Intervista a Franco Rella su "Figure del male"

a cura della redazione di www.feltrinelli.it

Note sul libro

Cosa significa scrivere un libro sul male?
Come hai pensato di poterlo circoscrivere, di poterlo esprimere?

Scrivere non è soltanto, e forse non lo è nemmeno in prima istanza, comunicare idee o fatti. È molto di più. È cercare di dare forma alla domanda di senso che emerge dal nostro rapporto con il mondo: con le cose e gli esseri che abitano il mondo. Ho affrontato la questione del male come essa emerge dal "mio" rapporto con il reale intrecciandola con le riflessioni che su questo tema sono state fatte nel corso della nostra cultura. E qui è nato subito un problema. Come mettere "in trama" i vari punti di vista che inevitabilmente si presentano di fronte a questo problema? Il male è vissuto come sofferenza, come malvagità, certo, ma questo non basta. È necessario tener presente come diversamente queste dimensioni sono vissute e comprese a seconda delle diverse opzioni etiche e intellettuali che sono via via in gioco.

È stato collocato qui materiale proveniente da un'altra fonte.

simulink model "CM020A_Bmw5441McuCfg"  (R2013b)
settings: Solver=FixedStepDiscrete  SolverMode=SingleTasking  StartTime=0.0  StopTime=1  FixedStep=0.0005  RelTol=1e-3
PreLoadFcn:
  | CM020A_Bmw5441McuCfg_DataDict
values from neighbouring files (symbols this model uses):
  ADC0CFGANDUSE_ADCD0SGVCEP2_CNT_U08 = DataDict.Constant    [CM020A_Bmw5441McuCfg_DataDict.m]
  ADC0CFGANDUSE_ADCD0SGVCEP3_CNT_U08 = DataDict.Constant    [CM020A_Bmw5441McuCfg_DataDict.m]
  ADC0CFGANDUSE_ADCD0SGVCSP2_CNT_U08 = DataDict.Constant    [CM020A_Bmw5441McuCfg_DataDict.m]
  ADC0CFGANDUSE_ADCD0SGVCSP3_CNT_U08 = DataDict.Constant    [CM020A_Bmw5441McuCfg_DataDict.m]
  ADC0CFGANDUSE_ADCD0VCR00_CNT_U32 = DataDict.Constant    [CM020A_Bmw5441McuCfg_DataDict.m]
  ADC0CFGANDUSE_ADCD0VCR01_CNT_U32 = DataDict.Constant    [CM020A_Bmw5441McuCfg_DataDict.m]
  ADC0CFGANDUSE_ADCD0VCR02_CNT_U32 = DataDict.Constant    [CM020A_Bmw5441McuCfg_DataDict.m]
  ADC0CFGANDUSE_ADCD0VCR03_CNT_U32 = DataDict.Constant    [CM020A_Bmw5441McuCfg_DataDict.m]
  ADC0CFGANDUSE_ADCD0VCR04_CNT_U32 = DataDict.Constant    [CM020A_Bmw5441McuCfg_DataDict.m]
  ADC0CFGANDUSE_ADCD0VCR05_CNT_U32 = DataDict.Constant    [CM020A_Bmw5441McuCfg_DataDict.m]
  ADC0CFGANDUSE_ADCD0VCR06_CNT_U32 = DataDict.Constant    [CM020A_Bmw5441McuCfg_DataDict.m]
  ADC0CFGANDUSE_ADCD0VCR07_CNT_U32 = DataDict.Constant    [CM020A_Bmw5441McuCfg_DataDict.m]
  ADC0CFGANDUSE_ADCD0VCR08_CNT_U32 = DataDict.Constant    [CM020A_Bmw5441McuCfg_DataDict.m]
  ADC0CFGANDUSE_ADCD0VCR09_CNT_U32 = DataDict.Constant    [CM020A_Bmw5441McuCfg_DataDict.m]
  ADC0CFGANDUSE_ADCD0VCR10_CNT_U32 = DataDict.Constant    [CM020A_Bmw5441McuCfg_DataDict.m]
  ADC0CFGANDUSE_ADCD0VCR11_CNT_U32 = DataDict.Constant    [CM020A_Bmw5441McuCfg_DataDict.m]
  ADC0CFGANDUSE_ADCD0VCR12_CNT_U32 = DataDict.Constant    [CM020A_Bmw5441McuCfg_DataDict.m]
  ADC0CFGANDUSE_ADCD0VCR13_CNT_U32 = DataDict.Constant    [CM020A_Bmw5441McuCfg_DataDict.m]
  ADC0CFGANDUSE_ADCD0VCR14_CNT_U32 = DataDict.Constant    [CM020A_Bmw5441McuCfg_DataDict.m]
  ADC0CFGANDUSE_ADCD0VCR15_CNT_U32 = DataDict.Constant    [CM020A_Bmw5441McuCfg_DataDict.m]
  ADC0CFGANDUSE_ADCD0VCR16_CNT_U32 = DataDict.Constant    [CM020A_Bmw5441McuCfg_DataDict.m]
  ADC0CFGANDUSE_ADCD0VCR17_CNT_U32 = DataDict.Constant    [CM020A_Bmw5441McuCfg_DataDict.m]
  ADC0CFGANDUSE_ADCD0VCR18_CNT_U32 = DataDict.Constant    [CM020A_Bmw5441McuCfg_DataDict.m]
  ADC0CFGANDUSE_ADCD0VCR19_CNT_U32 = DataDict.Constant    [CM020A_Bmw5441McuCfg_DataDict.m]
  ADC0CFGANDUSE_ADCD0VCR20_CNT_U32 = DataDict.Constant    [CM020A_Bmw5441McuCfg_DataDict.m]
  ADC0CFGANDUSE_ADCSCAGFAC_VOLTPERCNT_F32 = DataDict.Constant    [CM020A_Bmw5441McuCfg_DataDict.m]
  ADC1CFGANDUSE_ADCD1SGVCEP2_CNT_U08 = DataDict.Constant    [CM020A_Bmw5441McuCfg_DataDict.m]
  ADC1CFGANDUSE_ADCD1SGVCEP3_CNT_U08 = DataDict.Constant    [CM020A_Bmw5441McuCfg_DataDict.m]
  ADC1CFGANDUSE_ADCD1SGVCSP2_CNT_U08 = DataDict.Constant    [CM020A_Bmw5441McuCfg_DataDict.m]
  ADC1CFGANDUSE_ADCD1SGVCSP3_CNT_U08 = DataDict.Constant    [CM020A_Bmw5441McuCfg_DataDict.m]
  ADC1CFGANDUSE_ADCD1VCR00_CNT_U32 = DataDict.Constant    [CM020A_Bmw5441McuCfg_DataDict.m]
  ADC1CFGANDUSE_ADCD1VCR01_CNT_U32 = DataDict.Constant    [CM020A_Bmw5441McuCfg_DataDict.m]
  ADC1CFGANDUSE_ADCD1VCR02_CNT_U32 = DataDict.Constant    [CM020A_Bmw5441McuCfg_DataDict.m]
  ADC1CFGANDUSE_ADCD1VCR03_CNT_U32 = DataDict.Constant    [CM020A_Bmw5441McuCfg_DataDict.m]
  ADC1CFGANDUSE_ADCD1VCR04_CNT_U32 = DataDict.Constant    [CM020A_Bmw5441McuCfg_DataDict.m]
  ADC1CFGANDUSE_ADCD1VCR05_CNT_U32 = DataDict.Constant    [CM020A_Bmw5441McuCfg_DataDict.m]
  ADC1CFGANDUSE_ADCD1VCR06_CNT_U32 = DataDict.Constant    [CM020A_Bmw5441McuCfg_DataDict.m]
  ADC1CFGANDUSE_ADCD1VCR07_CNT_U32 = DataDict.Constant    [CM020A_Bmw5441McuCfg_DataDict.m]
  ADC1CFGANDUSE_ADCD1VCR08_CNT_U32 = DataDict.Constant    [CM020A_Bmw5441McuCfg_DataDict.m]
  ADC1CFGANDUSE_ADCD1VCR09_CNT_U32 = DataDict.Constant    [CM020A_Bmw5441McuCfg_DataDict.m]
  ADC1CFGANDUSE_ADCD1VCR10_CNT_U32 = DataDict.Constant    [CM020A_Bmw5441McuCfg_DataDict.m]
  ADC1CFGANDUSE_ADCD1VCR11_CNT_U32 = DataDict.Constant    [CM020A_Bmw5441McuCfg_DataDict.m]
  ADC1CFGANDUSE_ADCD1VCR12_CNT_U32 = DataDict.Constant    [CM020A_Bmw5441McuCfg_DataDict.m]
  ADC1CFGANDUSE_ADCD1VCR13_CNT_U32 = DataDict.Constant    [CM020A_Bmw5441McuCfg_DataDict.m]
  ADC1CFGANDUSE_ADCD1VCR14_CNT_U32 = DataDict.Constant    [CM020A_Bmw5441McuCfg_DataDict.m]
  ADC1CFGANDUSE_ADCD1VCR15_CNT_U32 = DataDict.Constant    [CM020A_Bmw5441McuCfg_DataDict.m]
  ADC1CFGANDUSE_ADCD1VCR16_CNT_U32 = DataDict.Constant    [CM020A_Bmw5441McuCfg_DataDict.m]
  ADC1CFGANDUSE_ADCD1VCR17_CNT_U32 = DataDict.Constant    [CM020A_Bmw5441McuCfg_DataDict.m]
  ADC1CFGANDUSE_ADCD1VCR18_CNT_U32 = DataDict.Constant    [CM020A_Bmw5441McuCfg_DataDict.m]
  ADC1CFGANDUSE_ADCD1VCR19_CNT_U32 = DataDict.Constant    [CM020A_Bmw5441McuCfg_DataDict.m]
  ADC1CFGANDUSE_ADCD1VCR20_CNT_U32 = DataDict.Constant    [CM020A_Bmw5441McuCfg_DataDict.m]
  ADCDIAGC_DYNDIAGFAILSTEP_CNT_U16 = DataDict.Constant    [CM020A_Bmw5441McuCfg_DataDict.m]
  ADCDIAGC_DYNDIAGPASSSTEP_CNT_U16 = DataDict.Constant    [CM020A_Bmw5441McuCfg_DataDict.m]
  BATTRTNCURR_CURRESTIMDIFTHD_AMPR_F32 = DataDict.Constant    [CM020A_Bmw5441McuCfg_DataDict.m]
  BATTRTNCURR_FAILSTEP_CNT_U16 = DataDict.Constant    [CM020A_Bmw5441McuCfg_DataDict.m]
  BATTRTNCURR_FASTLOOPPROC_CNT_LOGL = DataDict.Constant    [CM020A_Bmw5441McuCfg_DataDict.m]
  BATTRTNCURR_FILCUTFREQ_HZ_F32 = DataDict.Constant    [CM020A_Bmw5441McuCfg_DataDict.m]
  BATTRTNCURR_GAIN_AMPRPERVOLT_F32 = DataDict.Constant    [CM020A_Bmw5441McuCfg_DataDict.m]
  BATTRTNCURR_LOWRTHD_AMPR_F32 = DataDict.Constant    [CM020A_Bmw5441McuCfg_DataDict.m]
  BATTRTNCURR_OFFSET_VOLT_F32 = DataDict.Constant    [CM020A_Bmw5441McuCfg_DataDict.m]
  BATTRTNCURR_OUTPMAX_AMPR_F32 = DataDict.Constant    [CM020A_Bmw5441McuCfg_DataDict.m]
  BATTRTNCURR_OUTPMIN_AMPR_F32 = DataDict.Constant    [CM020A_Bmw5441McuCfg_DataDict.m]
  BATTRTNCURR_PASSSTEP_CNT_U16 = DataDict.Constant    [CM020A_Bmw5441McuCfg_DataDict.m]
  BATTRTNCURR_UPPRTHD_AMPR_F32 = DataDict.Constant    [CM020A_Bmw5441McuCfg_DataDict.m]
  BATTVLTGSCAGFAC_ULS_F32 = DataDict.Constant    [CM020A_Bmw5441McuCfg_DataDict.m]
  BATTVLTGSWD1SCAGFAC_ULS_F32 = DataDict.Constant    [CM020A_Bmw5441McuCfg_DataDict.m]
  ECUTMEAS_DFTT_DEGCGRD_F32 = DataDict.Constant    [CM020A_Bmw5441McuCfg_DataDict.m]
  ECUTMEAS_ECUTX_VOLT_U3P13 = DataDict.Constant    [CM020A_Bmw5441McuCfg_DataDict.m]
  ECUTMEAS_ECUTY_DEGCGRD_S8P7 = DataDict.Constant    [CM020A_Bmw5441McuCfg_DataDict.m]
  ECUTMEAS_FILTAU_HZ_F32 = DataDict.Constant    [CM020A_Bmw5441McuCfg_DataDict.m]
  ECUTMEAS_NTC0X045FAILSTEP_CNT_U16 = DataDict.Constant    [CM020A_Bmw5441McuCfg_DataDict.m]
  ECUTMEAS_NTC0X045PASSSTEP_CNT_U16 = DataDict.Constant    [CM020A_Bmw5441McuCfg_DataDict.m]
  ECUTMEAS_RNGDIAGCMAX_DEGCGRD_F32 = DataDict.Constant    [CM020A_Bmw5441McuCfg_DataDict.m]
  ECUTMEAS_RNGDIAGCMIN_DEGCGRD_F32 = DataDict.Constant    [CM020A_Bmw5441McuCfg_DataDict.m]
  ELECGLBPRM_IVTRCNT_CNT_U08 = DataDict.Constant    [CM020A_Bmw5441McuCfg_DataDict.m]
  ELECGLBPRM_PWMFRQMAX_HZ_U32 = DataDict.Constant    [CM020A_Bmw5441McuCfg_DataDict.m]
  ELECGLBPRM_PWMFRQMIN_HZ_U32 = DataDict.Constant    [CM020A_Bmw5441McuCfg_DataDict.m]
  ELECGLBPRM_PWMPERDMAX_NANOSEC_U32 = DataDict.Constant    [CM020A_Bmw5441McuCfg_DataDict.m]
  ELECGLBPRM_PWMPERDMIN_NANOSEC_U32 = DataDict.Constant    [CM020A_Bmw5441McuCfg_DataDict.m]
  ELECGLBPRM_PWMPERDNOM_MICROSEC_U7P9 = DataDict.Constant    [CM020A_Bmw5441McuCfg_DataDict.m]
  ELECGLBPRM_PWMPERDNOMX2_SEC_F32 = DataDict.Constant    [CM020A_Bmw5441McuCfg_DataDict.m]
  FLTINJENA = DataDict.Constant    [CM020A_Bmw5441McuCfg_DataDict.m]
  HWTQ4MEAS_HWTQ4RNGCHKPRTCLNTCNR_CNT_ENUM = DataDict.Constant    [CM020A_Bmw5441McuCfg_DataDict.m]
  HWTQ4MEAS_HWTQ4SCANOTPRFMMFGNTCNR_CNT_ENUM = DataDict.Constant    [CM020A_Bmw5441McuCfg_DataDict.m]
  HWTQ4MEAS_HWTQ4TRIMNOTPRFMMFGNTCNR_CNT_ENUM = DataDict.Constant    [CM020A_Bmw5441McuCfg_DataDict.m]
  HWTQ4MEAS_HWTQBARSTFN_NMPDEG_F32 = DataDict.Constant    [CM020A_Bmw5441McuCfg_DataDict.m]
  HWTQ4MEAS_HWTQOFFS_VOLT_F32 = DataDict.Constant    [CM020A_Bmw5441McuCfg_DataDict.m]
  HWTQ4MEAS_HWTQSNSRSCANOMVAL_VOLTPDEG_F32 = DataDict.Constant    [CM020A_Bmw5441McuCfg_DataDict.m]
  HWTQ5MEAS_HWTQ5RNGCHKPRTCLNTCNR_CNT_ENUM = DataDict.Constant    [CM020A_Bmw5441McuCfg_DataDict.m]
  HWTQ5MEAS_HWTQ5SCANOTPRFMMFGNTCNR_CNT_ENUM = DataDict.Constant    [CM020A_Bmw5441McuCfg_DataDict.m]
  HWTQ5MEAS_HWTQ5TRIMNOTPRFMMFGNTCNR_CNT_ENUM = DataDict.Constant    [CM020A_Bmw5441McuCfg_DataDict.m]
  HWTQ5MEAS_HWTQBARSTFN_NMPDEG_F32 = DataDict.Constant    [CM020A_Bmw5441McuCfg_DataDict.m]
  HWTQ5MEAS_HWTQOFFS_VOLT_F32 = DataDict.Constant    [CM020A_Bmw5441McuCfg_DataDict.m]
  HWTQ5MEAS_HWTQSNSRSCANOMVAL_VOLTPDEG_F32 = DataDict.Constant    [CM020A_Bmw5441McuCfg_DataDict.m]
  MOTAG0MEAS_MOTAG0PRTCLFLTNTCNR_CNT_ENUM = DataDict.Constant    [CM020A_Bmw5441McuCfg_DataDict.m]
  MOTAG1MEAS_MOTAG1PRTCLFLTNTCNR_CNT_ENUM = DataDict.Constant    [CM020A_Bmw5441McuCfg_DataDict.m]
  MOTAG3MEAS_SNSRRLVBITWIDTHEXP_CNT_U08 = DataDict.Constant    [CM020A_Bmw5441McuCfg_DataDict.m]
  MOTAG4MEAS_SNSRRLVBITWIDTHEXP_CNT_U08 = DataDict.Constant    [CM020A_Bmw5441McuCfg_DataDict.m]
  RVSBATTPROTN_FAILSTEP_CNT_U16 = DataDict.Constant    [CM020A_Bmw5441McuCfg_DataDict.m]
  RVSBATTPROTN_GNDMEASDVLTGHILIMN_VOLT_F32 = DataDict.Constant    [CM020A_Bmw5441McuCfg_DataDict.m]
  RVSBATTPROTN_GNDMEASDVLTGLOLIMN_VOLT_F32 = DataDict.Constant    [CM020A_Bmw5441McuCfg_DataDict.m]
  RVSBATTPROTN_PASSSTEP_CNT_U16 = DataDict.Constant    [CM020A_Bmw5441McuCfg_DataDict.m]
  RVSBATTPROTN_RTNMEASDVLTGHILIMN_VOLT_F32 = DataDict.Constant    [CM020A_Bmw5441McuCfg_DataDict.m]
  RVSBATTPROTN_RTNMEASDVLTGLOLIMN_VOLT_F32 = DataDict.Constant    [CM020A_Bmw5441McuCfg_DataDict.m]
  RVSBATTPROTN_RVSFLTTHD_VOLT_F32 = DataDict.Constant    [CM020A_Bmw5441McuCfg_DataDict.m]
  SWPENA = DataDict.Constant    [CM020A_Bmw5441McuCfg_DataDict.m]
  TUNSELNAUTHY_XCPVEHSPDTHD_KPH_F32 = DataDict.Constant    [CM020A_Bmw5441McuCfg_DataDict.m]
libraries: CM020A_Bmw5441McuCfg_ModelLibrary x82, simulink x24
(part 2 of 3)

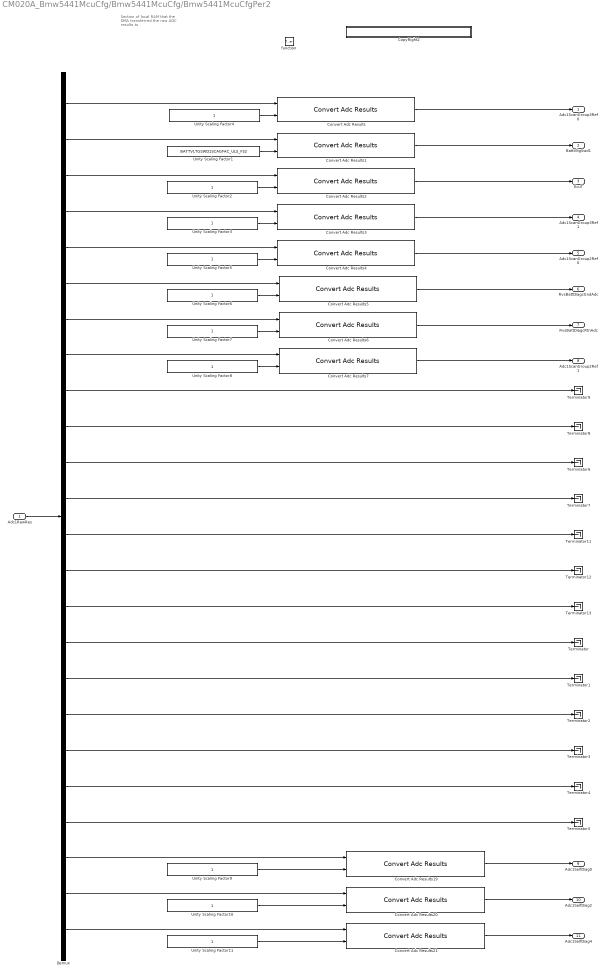
== system CM020A_Bmw5441McuCfg/Bmw5441McuCfg/Bmw5441McuCfgPer2 ==
  note: Section of local RAM that the
      | DMA transferred the raw
      | ADC results to
  Adc1RawRes : Inport
  function : TriggerPort  TriggerType=function-call
  Convert Adc Results{,1..7,19..21} (11 alike) : CM020A_Bmw5441McuCfg_ModelLibrary/Convert Adc Results
  CopyRight2 : Subsystem  Description=|  mask(Copyright Information){none=on}
      | Copyright info block.                                               
      |                                                                     
      | Place copyright information at the top of every subsystem in design.
      mask prompts: none "No parameters"
      mask help: Place copyright information at the top of every subsystem in design.
      mask Display:
      | NxtrConf = 'Nexteer Confidential';
      | 
      | sys = bdroot; %handle for the current model ("system")
      | first = get_param(sys,'Created');
      | first = first(end-3:end);  %year is last four digits
      | 
      | last = get_param(sys,'LastModifiedDate');
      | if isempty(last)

Per questo nel primo capitolo ho dato corpo a diverse prospettive in tre diversi personaggi, che affrontano dialogando il problema da un punto di vista legato alla razionalità filosofica, da punto di vista connesso a una visione in qualche modo religiosa, e infine dal punto di vista di un testimone che dà conto del male come di una propria inaggirabile esperienza.

Il discorso si è dipanato poi in una serie di capitoli che affrontano il male come sofferenza, come assenza di bene, come banalità. Ho cercato di interrogare l’orrore di Auschwitz, e il male più sottile della noia, per calarmi poi in quello che Montale chiama "il male di vivere", quello che avvertiamo quasi ad ogni respiro mentre procediamo nel mondo e nelle nostre relazioni o quando, invece, entriamo in noi, nei nostri labirinti interiori. Alla fine ho affrontato anche il male che è implicito nello scrivere stesso, in quella dose di egoismo e di narcisismo che esso sempre comporta.

 

Nell’epilogo si parla infine anche dell’orrore dell’11 settembre
e di quello che a quell’evento ha fatto seguito.

Ma i personaggi che avevo creato e messo in scena all’inizio non mi hanno abbandonato. Mi hanno seguito lungo tutto il mio percorso, e sono via via riemersi con la loro voce per dire quello che il saggio, nel suo andamento più argomentativo, rischiava di lasciare ai margini. Alla fine, quando ho deciso di chiudere il libro è quasi con dolore che li ho lasciati andare: facevano ormai parte di me, facevano parte della storia che si era intessuta scrivendo.

L’esito di tutto è un libro forse inconsueto. Ma è il libro, tra quelli che ho scritto finora, che più ho amato e che continuo ad amare, perché mi pare di essere riuscito in esso a dare una visione complessa e problematica del problema, ma al tempo stesso di essere riuscito a partecipare al lettore il senso non solo di un pensiero ma di una esperienza. Di aver fatto appello ad esso come a un amico, o a un fratello, o ancora più come a un complice.